[[ PROVIDED MATERIAL, beginning ]]
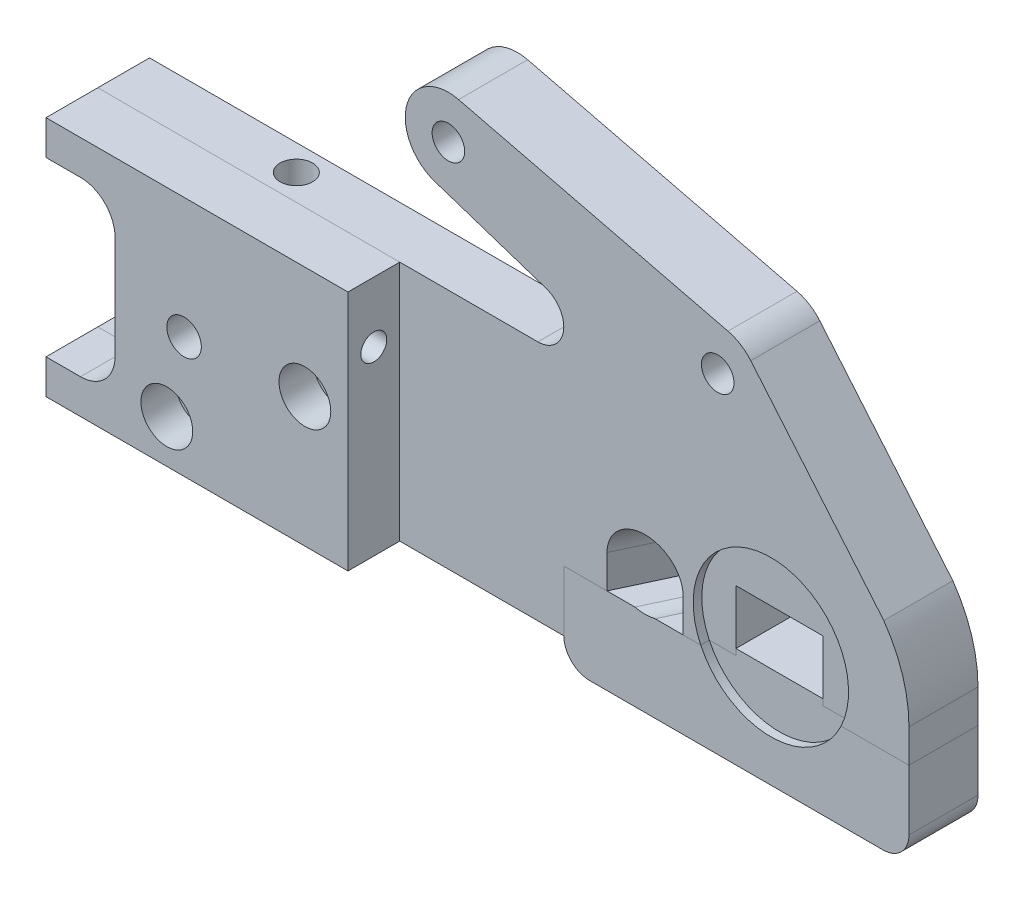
ISO-10303-21;
HEADER;
FILE_DESCRIPTION(('STEP AP214'),'2;1');
FILE_NAME('part.step','',(''),(''),'','','');
FILE_SCHEMA(('AUTOMOTIVE_DESIGN { 1 0 10303 214 1 1 1 1 }'));
ENDSEC;
DATA;
#1=APPLICATION_CONTEXT('core data for automotive mechanical design processes');
#2=APPLICATION_PROTOCOL_DEFINITION('international standard','automotive_design',2000,#1);
#3=PRODUCT_CONTEXT('',#1,'mechanical');
#4=PRODUCT('Part','Part','',(#3));
#5=PRODUCT_RELATED_PRODUCT_CATEGORY('part','',(#4));
#6=PRODUCT_DEFINITION_FORMATION('','',#4);
#7=PRODUCT_DEFINITION_CONTEXT('part definition',#1,'design');
#8=PRODUCT_DEFINITION('design','',#6,#7);
#9=PRODUCT_DEFINITION_SHAPE('','',#8);
#10=(LENGTH_UNIT() NAMED_UNIT(*) SI_UNIT(.MILLI.,.METRE.));
#11=(NAMED_UNIT(*) PLANE_ANGLE_UNIT() SI_UNIT($,.RADIAN.));
#12=(NAMED_UNIT(*) SI_UNIT($,.STERADIAN.) SOLID_ANGLE_UNIT());
#13=UNCERTAINTY_MEASURE_WITH_UNIT(LENGTH_MEASURE(1.E-05),#10,'distance_accuracy_value','');
#14=(GEOMETRIC_REPRESENTATION_CONTEXT(3) GLOBAL_UNCERTAINTY_ASSIGNED_CONTEXT((#13)) GLOBAL_UNIT_ASSIGNED_CONTEXT((#10,
#11,#12)) REPRESENTATION_CONTEXT('',''));
#15=CARTESIAN_POINT('',(0.,0.,0.));
#16=DIRECTION('',(0.,0.,1.));
#17=DIRECTION('',(1.,0.,0.));
#18=AXIS2_PLACEMENT_3D('',#15,#16,#17);
#19=CARTESIAN_POINT('',(0.,0.,15.875));
#20=DIRECTION('',(0.,0.,1.));
#21=DIRECTION('',(1.,0.,0.));
#22=AXIS2_PLACEMENT_3D('',#19,#20,#21);
#23=PLANE('',#22);
#24=CARTESIAN_POINT('',(19.05,7.9248,15.875));
#25=DIRECTION('',(0.,0.,1.));
#26=DIRECTION('',(1.,0.,0.));
#27=AXIS2_PLACEMENT_3D('',#24,#25,#26);
#28=CIRCLE('',#27,4.7625);
#29=CARTESIAN_POINT('',(23.8125,7.9248,15.875));
#30=VERTEX_POINT('',#29);
#31=EDGE_CURVE('E326',#30,#30,#28,.F.);
#32=ORIENTED_EDGE('',*,*,#31,.T.);
#33=EDGE_LOOP('',(#32));
#34=FACE_BOUND('',#33,.T.);
#35=CARTESIAN_POINT('',(22.225,22.225,15.875));
#36=DIRECTION('',(0.,0.,1.));
#37=DIRECTION('',(1.,0.,0.));
#38=AXIS2_PLACEMENT_3D('',#35,#36,#37);
#39=CIRCLE('',#38,3.175);
#40=CARTESIAN_POINT('',(25.4,22.225,15.875));
#41=VERTEX_POINT('',#40);
#42=EDGE_CURVE('E174',#41,#41,#39,.T.);
#43=ORIENTED_EDGE('',*,*,#42,.F.);
#44=EDGE_LOOP('',(#43));
#45=FACE_BOUND('',#44,.T.);
#46=DIRECTION('',(-1.,0.,0.));
#47=VECTOR('',#46,1.);
#48=CARTESIAN_POINT('',(52.3748,44.45,15.875));
#49=LINE('',#48,#47);
#50=CARTESIAN_POINT('',(52.3748,44.45,15.875));
#51=VERTEX_POINT('',#50);
#52=CARTESIAN_POINT('',(-3.175,44.45,15.875));
#53=VERTEX_POINT('',#52);
#54=EDGE_CURVE('E131',#51,#53,#49,.T.);
#55=ORIENTED_EDGE('',*,*,#54,.T.);
#56=DIRECTION('',(0.,-1.,0.));
#57=VECTOR('',#56,1.);
#58=CARTESIAN_POINT('',(-3.175,44.45,15.875));
#59=LINE('',#58,#57);
#60=CARTESIAN_POINT('',(-3.175,38.1,15.875));
#61=VERTEX_POINT('',#60);
#62=EDGE_CURVE('E135',#53,#61,#59,.T.);
#63=ORIENTED_EDGE('',*,*,#62,.T.);
#64=DIRECTION('',(1.,0.,0.));
#65=VECTOR('',#64,1.);
#66=CARTESIAN_POINT('',(-3.175,38.1,15.875));
#67=LINE('',#66,#65);
#68=CARTESIAN_POINT('',(3.175,38.1,15.875));
#69=VERTEX_POINT('',#68);
#70=EDGE_CURVE('E156',#61,#69,#67,.T.);
#71=ORIENTED_EDGE('',*,*,#70,.T.);
#72=CARTESIAN_POINT('',(3.175,31.75,15.875));
#73=DIRECTION('',(0.,0.,1.));
#74=DIRECTION('',(1.,0.,0.));
#75=AXIS2_PLACEMENT_3D('',#72,#73,#74);
#76=CIRCLE('',#75,6.35);
#77=CARTESIAN_POINT('',(9.525,31.75,15.875));
#78=VERTEX_POINT('',#77);
#79=EDGE_CURVE('E12',#69,#78,#76,.F.);
#80=ORIENTED_EDGE('',*,*,#79,.T.);
#81=DIRECTION('',(0.,-1.,0.));
#82=VECTOR('',#81,1.);
#83=CARTESIAN_POINT('',(9.525,38.1,15.875));
#84=LINE('',#83,#82);
#85=CARTESIAN_POINT('',(9.52500000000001,12.7,15.875));
#86=VERTEX_POINT('',#85);
#87=EDGE_CURVE('E158',#78,#86,#84,.T.);
#88=ORIENTED_EDGE('',*,*,#87,.T.);
#89=CARTESIAN_POINT('',(3.17500000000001,12.7,15.875));
#90=DIRECTION('',(0.,0.,1.));
#91=DIRECTION('',(1.,0.,0.));
#92=AXIS2_PLACEMENT_3D('',#89,#90,#91);
#93=CIRCLE('',#92,6.35);
#94=CARTESIAN_POINT('',(3.17500000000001,6.35,15.875));
#95=VERTEX_POINT('',#94);
#96=EDGE_CURVE('E221',#86,#95,#93,.F.);
#97=ORIENTED_EDGE('',*,*,#96,.T.);
#98=DIRECTION('',(-1.,0.,0.));
#99=VECTOR('',#98,1.);
#100=CARTESIAN_POINT('',(9.52500000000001,6.35,15.875));
#101=LINE('',#100,#99);
#102=CARTESIAN_POINT('',(-3.17499999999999,6.35,15.875));
#103=VERTEX_POINT('',#102);
#104=EDGE_CURVE('E164',#95,#103,#101,.T.);
#105=ORIENTED_EDGE('',*,*,#104,.T.);
#106=DIRECTION('',(0.,-1.,0.));
#107=VECTOR('',#106,1.);
#108=CARTESIAN_POINT('',(-3.17499999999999,6.35,15.875));
#109=LINE('',#108,#107);
#110=CARTESIAN_POINT('',(-3.17499999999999,0.,15.875));
#111=VERTEX_POINT('',#110);
#112=EDGE_CURVE('E166',#103,#111,#109,.T.);
#113=ORIENTED_EDGE('',*,*,#112,.T.);
#114=DIRECTION('',(1.,0.,0.));
#115=VECTOR('',#114,1.);
#116=CARTESIAN_POINT('',(-3.17499999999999,0.,15.875));
#117=LINE('',#116,#115);
#118=CARTESIAN_POINT('',(52.3748,0.,15.875));
#119=VERTEX_POINT('',#118);
#120=EDGE_CURVE('E168',#111,#119,#117,.T.);
#121=ORIENTED_EDGE('',*,*,#120,.T.);
#122=DIRECTION('',(0.,1.,0.));
#123=VECTOR('',#122,1.);
#124=CARTESIAN_POINT('',(52.3748,44.45,15.875));
#125=LINE('',#124,#123);
#126=EDGE_CURVE('E138',#119,#51,#125,.T.);
#127=ORIENTED_EDGE('',*,*,#126,.T.);
#128=EDGE_LOOP('',(#55,#63,#71,#80,#88,#97,#105,#113,#121,#127));
#129=FACE_BOUND('',#128,.T.);
#130=CARTESIAN_POINT('',(44.45,23.8252,15.875));
#131=DIRECTION('',(0.,0.,1.));
#132=DIRECTION('',(1.,0.,0.));
#133=AXIS2_PLACEMENT_3D('',#130,#131,#132);
#134=CIRCLE('',#133,4.7625);
#135=CARTESIAN_POINT('',(49.2125,23.8252,15.875));
#136=VERTEX_POINT('',#135);
#137=EDGE_CURVE('E51',#136,#136,#134,.F.);
#138=ORIENTED_EDGE('',*,*,#137,.T.);
#139=EDGE_LOOP('',(#138));
#140=FACE_BOUND('',#139,.T.);
#141=ADVANCED_FACE('F46',(#34,#45,#129,#140),#23,.T.);
#142=CARTESIAN_POINT('',(44.45,23.8252,22.86));
#143=DIRECTION('',(0.,0.,-1.));
#144=DIRECTION('',(-1.,0.,0.));
#145=AXIS2_PLACEMENT_3D('',#142,#143,#144);
#146=CYLINDRICAL_SURFACE('',#145,3.175);
#147=CARTESIAN_POINT('',(44.45,23.8252,6.35));
#148=DIRECTION('',(0.,0.,1.));
#149=DIRECTION('',(1.,0.,0.));
#150=AXIS2_PLACEMENT_3D('',#147,#148,#149);
#151=CIRCLE('',#150,3.175);
#152=CARTESIAN_POINT('',(47.625,23.8252,6.35));
#153=VERTEX_POINT('',#152);
#154=EDGE_CURVE('E329',#153,#153,#151,.F.);
#155=ORIENTED_EDGE('',*,*,#154,.T.);
#156=EDGE_LOOP('',(#155));
#157=FACE_BOUND('',#156,.T.);
#158=CARTESIAN_POINT('',(44.45,23.8252,9.525));
#159=DIRECTION('',(0.,0.,1.));
#160=DIRECTION('',(1.,0.,0.));
#161=AXIS2_PLACEMENT_3D('',#158,#159,#160);
#162=CIRCLE('',#161,3.175);
#163=CARTESIAN_POINT('',(47.625,23.8252,9.525));
#164=VERTEX_POINT('',#163);
#165=EDGE_CURVE('E318',#164,#164,#162,.T.);
#166=ORIENTED_EDGE('',*,*,#165,.T.);
#167=EDGE_LOOP('',(#166));
#168=FACE_BOUND('',#167,.T.);
#169=ADVANCED_FACE('F237',(#157,#168),#146,.F.);
#170=CARTESIAN_POINT('',(19.05,7.9248,22.86));
#171=DIRECTION('',(0.,0.,-1.));
#172=DIRECTION('',(-1.,0.,0.));
#173=AXIS2_PLACEMENT_3D('',#170,#171,#172);
#174=CYLINDRICAL_SURFACE('',#173,3.175);
#175=CARTESIAN_POINT('',(19.05,7.9248,6.35));
#176=DIRECTION('',(0.,0.,1.));
#177=DIRECTION('',(1.,0.,0.));
#178=AXIS2_PLACEMENT_3D('',#175,#176,#177);
#179=CIRCLE('',#178,3.175);
#180=CARTESIAN_POINT('',(22.225,7.9248,6.35));
#181=VERTEX_POINT('',#180);
#182=EDGE_CURVE('E208',#181,#181,#179,.F.);
#183=ORIENTED_EDGE('',*,*,#182,.T.);
#184=EDGE_LOOP('',(#183));
#185=FACE_BOUND('',#184,.T.);
#186=CARTESIAN_POINT('',(19.05,7.9248,9.525));
#187=DIRECTION('',(0.,0.,1.));
#188=DIRECTION('',(1.,0.,0.));
#189=AXIS2_PLACEMENT_3D('',#186,#187,#188);
#190=CIRCLE('',#189,3.175);
#191=CARTESIAN_POINT('',(22.225,7.9248,9.525));
#192=VERTEX_POINT('',#191);
#193=EDGE_CURVE('E315',#192,#192,#190,.T.);
#194=ORIENTED_EDGE('',*,*,#193,.T.);
#195=EDGE_LOOP('',(#194));
#196=FACE_BOUND('',#195,.T.);
#197=ADVANCED_FACE('F249',(#185,#196),#174,.F.);
#198=CARTESIAN_POINT('',(0.,0.,6.35));
#199=DIRECTION('',(0.,0.,1.));
#200=DIRECTION('',(1.,0.,0.));
#201=AXIS2_PLACEMENT_3D('',#198,#199,#200);
#202=PLANE('',#201);
#203=ORIENTED_EDGE('',*,*,#154,.F.);
#204=EDGE_LOOP('',(#203));
#205=FACE_BOUND('',#204,.T.);
#206=CARTESIAN_POINT('',(22.225,22.225,6.35));
#207=DIRECTION('',(0.,0.,1.));
#208=DIRECTION('',(1.,0.,0.));
#209=AXIS2_PLACEMENT_3D('',#206,#207,#208);
#210=CIRCLE('',#209,3.175);
#211=CARTESIAN_POINT('',(25.4,22.225,6.35));
#212=VERTEX_POINT('',#211);
#213=EDGE_CURVE('E201',#212,#212,#210,.T.);
#214=ORIENTED_EDGE('',*,*,#213,.T.);
#215=EDGE_LOOP('',(#214));
#216=FACE_BOUND('',#215,.T.);
#217=DIRECTION('',(-1.,0.,0.));
#218=VECTOR('',#217,1.);
#219=CARTESIAN_POINT('',(0.,44.45,6.35));
#220=LINE('',#219,#218);
#221=CARTESIAN_POINT('',(52.3748,44.45,6.35));
#222=VERTEX_POINT('',#221);
#223=CARTESIAN_POINT('',(-3.175,44.45,6.35));
#224=VERTEX_POINT('',#223);
#225=EDGE_CURVE('E147',#222,#224,#220,.T.);
#226=ORIENTED_EDGE('',*,*,#225,.F.);
#227=DIRECTION('',(0.,1.,0.));
#228=VECTOR('',#227,1.);
#229=CARTESIAN_POINT('',(52.3748,44.45,6.35));
#230=LINE('',#229,#228);
#231=CARTESIAN_POINT('',(52.3748,0.,6.35));
#232=VERTEX_POINT('',#231);
#233=EDGE_CURVE('E142',#232,#222,#230,.T.);
#234=ORIENTED_EDGE('',*,*,#233,.F.);
#235=DIRECTION('',(1.,0.,0.));
#236=VECTOR('',#235,1.);
#237=CARTESIAN_POINT('',(0.,0.,6.35));
#238=LINE('',#237,#236);
#239=CARTESIAN_POINT('',(-3.17499999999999,0.,6.35));
#240=VERTEX_POINT('',#239);
#241=EDGE_CURVE('E186',#240,#232,#238,.T.);
#242=ORIENTED_EDGE('',*,*,#241,.F.);
#243=DIRECTION('',(0.,-1.,0.));
#244=VECTOR('',#243,1.);
#245=CARTESIAN_POINT('',(-3.17499999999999,6.35,6.35));
#246=LINE('',#245,#244);
#247=CARTESIAN_POINT('',(-3.17499999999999,6.35,6.35));
#248=VERTEX_POINT('',#247);
#249=EDGE_CURVE('E183',#248,#240,#246,.T.);
#250=ORIENTED_EDGE('',*,*,#249,.F.);
#251=DIRECTION('',(-1.,0.,0.));
#252=VECTOR('',#251,1.);
#253=CARTESIAN_POINT('',(0.,6.35,6.35));
#254=LINE('',#253,#252);
#255=CARTESIAN_POINT('',(3.17500000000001,6.35,6.35));
#256=VERTEX_POINT('',#255);
#257=EDGE_CURVE('E181',#256,#248,#254,.T.);
#258=ORIENTED_EDGE('',*,*,#257,.F.);
#259=CARTESIAN_POINT('',(3.17500000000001,12.7,6.35));
#260=DIRECTION('',(0.,0.,1.));
#261=DIRECTION('',(1.,0.,0.));
#262=AXIS2_PLACEMENT_3D('',#259,#260,#261);
#263=CIRCLE('',#262,6.35);
#264=CARTESIAN_POINT('',(9.52500000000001,12.7,6.35));
#265=VERTEX_POINT('',#264);
#266=EDGE_CURVE('E219',#256,#265,#263,.T.);
#267=ORIENTED_EDGE('',*,*,#266,.T.);
#268=DIRECTION('',(0.,-1.,0.));
#269=VECTOR('',#268,1.);
#270=CARTESIAN_POINT('',(9.525,38.1,6.35));
#271=LINE('',#270,#269);
#272=CARTESIAN_POINT('',(9.525,31.75,6.35));
#273=VERTEX_POINT('',#272);
#274=EDGE_CURVE('E178',#273,#265,#271,.T.);
#275=ORIENTED_EDGE('',*,*,#274,.F.);
#276=CARTESIAN_POINT('',(3.175,31.75,6.35));
#277=DIRECTION('',(0.,0.,1.));
#278=DIRECTION('',(1.,0.,0.));
#279=AXIS2_PLACEMENT_3D('',#276,#277,#278);
#280=CIRCLE('',#279,6.35);
#281=CARTESIAN_POINT('',(3.175,38.1,6.35));
#282=VERTEX_POINT('',#281);
#283=EDGE_CURVE('E56',#273,#282,#280,.T.);
#284=ORIENTED_EDGE('',*,*,#283,.T.);
#285=DIRECTION('',(1.,0.,0.));
#286=VECTOR('',#285,1.);
#287=CARTESIAN_POINT('',(9.525,38.1,6.35));
#288=LINE('',#287,#286);
#289=CARTESIAN_POINT('',(-3.175,38.1,6.35));
#290=VERTEX_POINT('',#289);
#291=EDGE_CURVE('E176',#290,#282,#288,.T.);
#292=ORIENTED_EDGE('',*,*,#291,.F.);
#293=DIRECTION('',(0.,-1.,0.));
#294=VECTOR('',#293,1.);
#295=CARTESIAN_POINT('',(-3.175,44.45,6.35));
#296=LINE('',#295,#294);
#297=EDGE_CURVE('E173',#224,#290,#296,.T.);
#298=ORIENTED_EDGE('',*,*,#297,.F.);
#299=EDGE_LOOP('',(#226,#234,#242,#250,#258,#267,#275,#284,#292,#298));
#300=FACE_BOUND('',#299,.T.);
#301=ORIENTED_EDGE('',*,*,#182,.F.);
#302=EDGE_LOOP('',(#301));
#303=FACE_BOUND('',#302,.T.);
#304=ADVANCED_FACE('F246',(#205,#216,#300,#303),#202,.F.);
#305=CARTESIAN_POINT('',(0.,44.45,15.875));
#306=DIRECTION('',(0.,-1.,0.));
#307=DIRECTION('',(0.,0.,-1.));
#308=AXIS2_PLACEMENT_3D('',#305,#306,#307);
#309=PLANE('',#308);
#310=ORIENTED_EDGE('',*,*,#225,.T.);
#311=DIRECTION('',(0.,0.,-1.));
#312=VECTOR('',#311,1.);
#313=CARTESIAN_POINT('',(-3.175,44.45,15.875));
#314=LINE('',#313,#312);
#315=EDGE_CURVE('E145',#53,#224,#314,.T.);
#316=ORIENTED_EDGE('',*,*,#315,.F.);
#317=ORIENTED_EDGE('',*,*,#54,.F.);
#318=DIRECTION('',(0.,0.,-1.));
#319=VECTOR('',#318,1.);
#320=CARTESIAN_POINT('',(52.3748,44.45,15.875));
#321=LINE('',#320,#319);
#322=EDGE_CURVE('E171',#51,#222,#321,.T.);
#323=ORIENTED_EDGE('',*,*,#322,.T.);
#324=EDGE_LOOP('',(#310,#316,#317,#323));
#325=FACE_BOUND('',#324,.T.);
#326=ADVANCED_FACE('F146',(#325),#309,.F.);
#327=CARTESIAN_POINT('',(-3.175,44.45,15.875));
#328=DIRECTION('',(1.,0.,0.));
#329=DIRECTION('',(0.,1.,0.));
#330=AXIS2_PLACEMENT_3D('',#327,#328,#329);
#331=PLANE('',#330);
#332=ORIENTED_EDGE('',*,*,#297,.T.);
#333=DIRECTION('',(0.,0.,-1.));
#334=VECTOR('',#333,1.);
#335=CARTESIAN_POINT('',(-3.175,38.1,15.875));
#336=LINE('',#335,#334);
#337=EDGE_CURVE('E152',#61,#290,#336,.T.);
#338=ORIENTED_EDGE('',*,*,#337,.F.);
#339=ORIENTED_EDGE('',*,*,#62,.F.);
#340=ORIENTED_EDGE('',*,*,#315,.T.);
#341=EDGE_LOOP('',(#332,#338,#339,#340));
#342=FACE_BOUND('',#341,.T.);
#343=ADVANCED_FACE('F154',(#342),#331,.F.);
#344=CARTESIAN_POINT('',(9.525,38.1,15.875));
#345=DIRECTION('',(0.,1.,0.));
#346=DIRECTION('',(0.,0.,1.));
#347=AXIS2_PLACEMENT_3D('',#344,#345,#346);
#348=PLANE('',#347);
#349=ORIENTED_EDGE('',*,*,#291,.T.);
#350=DIRECTION('',(0.,0.,-1.));
#351=VECTOR('',#350,1.);
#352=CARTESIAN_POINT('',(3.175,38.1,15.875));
[[ PROVIDED MATERIAL, end ]]
Above are the records; repeat exactly the lines from the one holding "#90=DIRECTION('',(0.,0.,1.));" down to the one holding "#126=EDGE_CURVE('E138',#119,#51,#125,.T.);", end lines included.

#90=DIRECTION('',(0.,0.,1.));
#91=DIRECTION('',(1.,0.,0.));
#92=AXIS2_PLACEMENT_3D('',#89,#90,#91);
#93=CIRCLE('',#92,6.35);
#94=CARTESIAN_POINT('',(3.17500000000001,6.35,15.875));
#95=VERTEX_POINT('',#94);
#96=EDGE_CURVE('E221',#86,#95,#93,.F.);
#97=ORIENTED_EDGE('',*,*,#96,.T.);
#98=DIRECTION('',(-1.,0.,0.));
#99=VECTOR('',#98,1.);
#100=CARTESIAN_POINT('',(9.52500000000001,6.35,15.875));
#101=LINE('',#100,#99);
#102=CARTESIAN_POINT('',(-3.17499999999999,6.35,15.875));
#103=VERTEX_POINT('',#102);
#104=EDGE_CURVE('E164',#95,#103,#101,.T.);
#105=ORIENTED_EDGE('',*,*,#104,.T.);
#106=DIRECTION('',(0.,-1.,0.));
#107=VECTOR('',#106,1.);
#108=CARTESIAN_POINT('',(-3.17499999999999,6.35,15.875));
#109=LINE('',#108,#107);
#110=CARTESIAN_POINT('',(-3.17499999999999,0.,15.875));
#111=VERTEX_POINT('',#110);
#112=EDGE_CURVE('E166',#103,#111,#109,.T.);
#113=ORIENTED_EDGE('',*,*,#112,.T.);
#114=DIRECTION('',(1.,0.,0.));
#115=VECTOR('',#114,1.);
#116=CARTESIAN_POINT('',(-3.17499999999999,0.,15.875));
#117=LINE('',#116,#115);
#118=CARTESIAN_POINT('',(52.3748,0.,15.875));
#119=VERTEX_POINT('',#118);
#120=EDGE_CURVE('E168',#111,#119,#117,.T.);
#121=ORIENTED_EDGE('',*,*,#120,.T.);
#122=DIRECTION('',(0.,1.,0.));
#123=VECTOR('',#122,1.);
#124=CARTESIAN_POINT('',(52.3748,44.45,15.875));
#125=LINE('',#124,#123);
#126=EDGE_CURVE('E138',#119,#51,#125,.T.);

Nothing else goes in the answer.